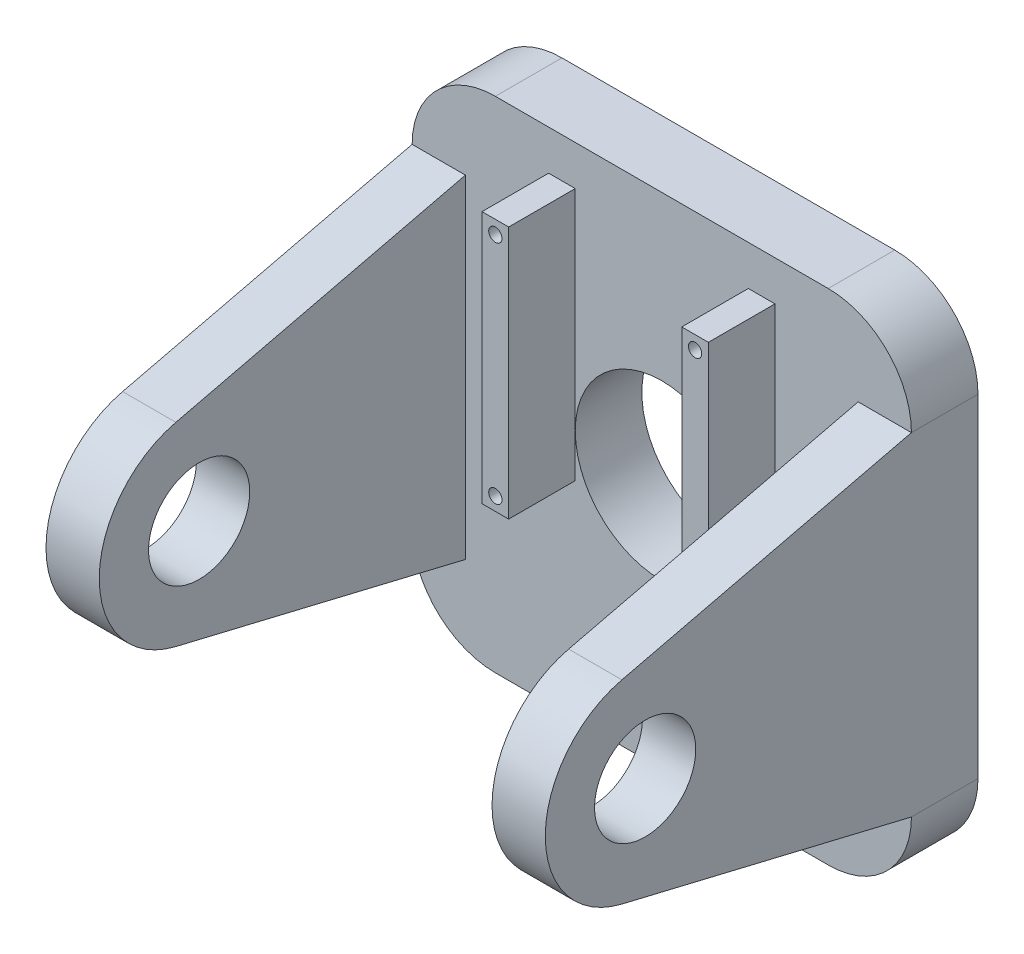
SolidWorks part; units mm, degrees
material "6061 Alloy"
ref_plane "Front Plane" through (0, 0, 0) normal (1, 0, 0) x (0, 1, 0)
ref_plane "Top Plane" through (0, 0, 0) normal (0, 0, 1) x (0, 1, 0)
ref_plane "Right Plane" through (0, 0, 0) normal (0, 1, 0) x (-1, 0, 0)
sketch "Sketch1" plane through (0, 0, 0) normal (0, 0, 1) x (0, 1, 0)
  line L1 (-25, -37.5) -> (25, -37.5)
  line L2 (-37.5, -25) -> (-37.5, 25)
  line L3 (-25, 37.5) -> (25, 37.5)
  line L4 (37.5, -25) -> (37.5, 25)
  line L5 (-37.5, -37.5) -> (37.5, 37.5) construction
  line L6 (-37.5, 37.5) -> (37.5, -37.5) construction
  arc A0 (-25, -37.5) -> (-37.5, -25) centre (-25, -25) cw
  arc A1 (25, -37.5) -> (37.5, -25) centre (25, -25) ccw
  arc A2 (25, 37.5) -> (37.5, 25) centre (25, 25) cw
  arc A3 (-37.5, 25) -> (-25, 37.5) centre (-25, 25) cw
  point P0 (0, 0)
  dimension "D2" = 12.5
  dimension "D1" = 75
extrude "Boss-Extrude1" add sketch "Sketch1" along normal blind 10
sketch "Sketch2" plane through (37.5, 0, 0) normal (1, 0, 0) x (0, 1, 0)
  line L0 (0, 50) -> (0, 0) construction
  line L1 (-25, 10) -> (25, 10) construction
  line L2 (-25, 10) -> (-14.5878, 53.4924)
  line L3 (25, 10) -> (14.5878, 53.4924)
  line L4 (25, 10) -> (25, 0) construction
  line L5 (37.5, 10) -> (25, 10) construction
  circle A0 centre (0, 50) radius 15
  circle A1 centre (0, 50) radius 7.6
  line M8 (25, 10) -> (-25, 10)
  dimension "D2" = 30
  dimension "D3" = 15.2
  dimension "D1" = 40
extrude "Boss-Extrude2" add sketch "Sketch2" against normal blind 8 contours L0 A0 L2 M8 | A0 L0 L3 M8 | A1 A0 region at (37.5, -11.4437, 40.9726) region at (37.5, 11.3969, 24.1864) region at (37.5, -11.3969, 24.1864)
mirror "Mirror1" about plane through (0, 0, 0) normal (1, 0, 0) of "Boss-Extrude2"
sketch "Sketch3" plane through (0, 0, 10) normal (0, 0, 1) x (1, 0, 0)
  line L0 (0, 37.5) -> (0, -37.5) construction
  line L1 (25, 37.5) -> (-25, 37.5) construction
  line L2 (-25, -37.5) -> (25, -37.5) construction
  circle A0 centre (0, 32.5) radius 1.6
  circle A1 centre (0, -32.5) radius 1.6
  dimension "D1" = 3.2
  dimension "D2" = 5
  dimension "D3" = 5
extrude "Cut-Extrude1" [suppressed] cut sketch "Sketch3" against normal through all
sketch "Sketch4" plane through (0, 0, 10) normal (0, 0, 1) x (1, 0, 0)
  circle A0 centre (0, 0) radius 13
  dimension "D1" = 26
extrude "Cut-Extrude2" cut sketch "Sketch4" against normal through all
sketch "Sketch5" plane through (0, 0, 10) normal (0, 0, 1) x (1, 0, 0)
  line L1 (-17, 31.5) -> (17, 31.5)
  line L2 (-17, 31.5) -> (-17, -6.5)
  line L3 (-17, -6.5) -> (17, -6.5)
  line L4 (17, 31.5) -> (17, -6.5)
  line L5 (-17, 31.5) -> (17, -6.5) construction
  line L6 (-17, -6.5) -> (17, 31.5) construction
  line L7 (-13, -6.5) -> (13, -6.5)
  line L8 (-13, -6.5) -> (-13, 31.5)
  line L9 (-13, 31.5) -> (13, 31.5)
  line L10 (13, -6.5) -> (13, 31.5)
  line L11 (-13, -6.5) -> (13, 31.5) construction
  line L12 (-13, 31.5) -> (13, -6.5) construction
  circle A0 centre (15, -4.5) radius 1
  circle A1 centre (-15, -4.5) radius 1
  circle A2 centre (-15, 29.5) radius 1
  circle A3 centre (15, 29.5) radius 1
  point P12 (0, 12.5)
  point P17 (0, 12.5)
  dimension "D1" = 2
  dimension "D3" = 2
  dimension "D5" = 2
  dimension "D2" = 2
  dimension "D4" = 2
  dimension "D7" = 4
extrude "Boss-Extrude3" add sketch "Sketch5" along normal blind 10 contours L3 L8 L1 L2 A2 A1 | L10 L3 L4 L1 A3 A0 region at (-15, 12.5, 10) region at (15, 12.5, 10)
..........
Task to carry out: Starting with the first entry and ending with the last, reproduce the listing exactly, without its pictures.

Your response:
SolidWorks part; units mm, degrees
material "6061 Alloy"
ref_plane "Front Plane" through (0, 0, 0) normal (1, 0, 0) x (0, 1, 0)
ref_plane "Top Plane" through (0, 0, 0) normal (0, 0, 1) x (0, 1, 0)
ref_plane "Right Plane" through (0, 0, 0) normal (0, 1, 0) x (-1, 0, 0)
sketch "Sketch1" plane through (0, 0, 0) normal (0, 0, 1) x (0, 1, 0)
  line L1 (-25, -37.5) -> (25, -37.5)
  line L2 (-37.5, -25) -> (-37.5, 25)
  line L3 (-25, 37.5) -> (25, 37.5)
  line L4 (37.5, -25) -> (37.5, 25)
  line L5 (-37.5, -37.5) -> (37.5, 37.5) construction
  line L6 (-37.5, 37.5) -> (37.5, -37.5) construction
  arc A0 (-25, -37.5) -> (-37.5, -25) centre (-25, -25) cw
  arc A1 (25, -37.5) -> (37.5, -25) centre (25, -25) ccw
  arc A2 (25, 37.5) -> (37.5, 25) centre (25, 25) cw
  arc A3 (-37.5, 25) -> (-25, 37.5) centre (-25, 25) cw
  point P0 (0, 0)
  dimension "D2" = 12.5
  dimension "D1" = 75
extrude "Boss-Extrude1" add sketch "Sketch1" along normal blind 10
sketch "Sketch2" plane through (37.5, 0, 0) normal (1, 0, 0) x (0, 1, 0)
  line L0 (0, 50) -> (0, 0) construction
  line L1 (-25, 10) -> (25, 10) construction
  line L2 (-25, 10) -> (-14.5878, 53.4924)
  line L3 (25, 10) -> (14.5878, 53.4924)
  line L4 (25, 10) -> (25, 0) construction
  line L5 (37.5, 10) -> (25, 10) construction
  circle A0 centre (0, 50) radius 15
  circle A1 centre (0, 50) radius 7.6
  line M8 (25, 10) -> (-25, 10)
  dimension "D2" = 30
  dimension "D3" = 15.2
  dimension "D1" = 40
extrude "Boss-Extrude2" add sketch "Sketch2" against normal blind 8 contours L0 A0 L2 M8 | A0 L0 L3 M8 | A1 A0 region at (37.5, -11.4437, 40.9726) region at (37.5, 11.3969, 24.1864) region at (37.5, -11.3969, 24.1864)
mirror "Mirror1" about plane through (0, 0, 0) normal (1, 0, 0) of "Boss-Extrude2"
sketch "Sketch3" plane through (0, 0, 10) normal (0, 0, 1) x (1, 0, 0)
  line L0 (0, 37.5) -> (0, -37.5) construction
  line L1 (25, 37.5) -> (-25, 37.5) construction
  line L2 (-25, -37.5) -> (25, -37.5) construction
  circle A0 centre (0, 32.5) radius 1.6
  circle A1 centre (0, -32.5) radius 1.6
  dimension "D1" = 3.2
  dimension "D2" = 5
  dimension "D3" = 5
extrude "Cut-Extrude1" [suppressed] cut sketch "Sketch3" against normal through all
sketch "Sketch4" plane through (0, 0, 10) normal (0, 0, 1) x (1, 0, 0)
  circle A0 centre (0, 0) radius 13
  dimension "D1" = 26
extrude "Cut-Extrude2" cut sketch "Sketch4" against normal through all
sketch "Sketch5" plane through (0, 0, 10) normal (0, 0, 1) x (1, 0, 0)
  line L1 (-17, 31.5) -> (17, 31.5)
  line L2 (-17, 31.5) -> (-17, -6.5)
  line L3 (-17, -6.5) -> (17, -6.5)
  line L4 (17, 31.5) -> (17, -6.5)
  line L5 (-17, 31.5) -> (17, -6.5) construction
  line L6 (-17, -6.5) -> (17, 31.5) construction
  line L7 (-13, -6.5) -> (13, -6.5)
  line L8 (-13, -6.5) -> (-13, 31.5)
  line L9 (-13, 31.5) -> (13, 31.5)
  line L10 (13, -6.5) -> (13, 31.5)
  line L11 (-13, -6.5) -> (13, 31.5) construction
  line L12 (-13, 31.5) -> (13, -6.5) construction
  circle A0 centre (15, -4.5) radius 1
  circle A1 centre (-15, -4.5) radius 1
  circle A2 centre (-15, 29.5) radius 1
  circle A3 centre (15, 29.5) radius 1
  point P12 (0, 12.5)
  point P17 (0, 12.5)
  dimension "D1" = 2
  dimension "D3" = 2
  dimension "D5" = 2
  dimension "D2" = 2
  dimension "D4" = 2
  dimension "D7" = 4
extrude "Boss-Extrude3" add sketch "Sketch5" along normal blind 10 contours L3 L8 L1 L2 A2 A1 | L10 L3 L4 L1 A3 A0 region at (-15, 12.5, 10) region at (15, 12.5, 10)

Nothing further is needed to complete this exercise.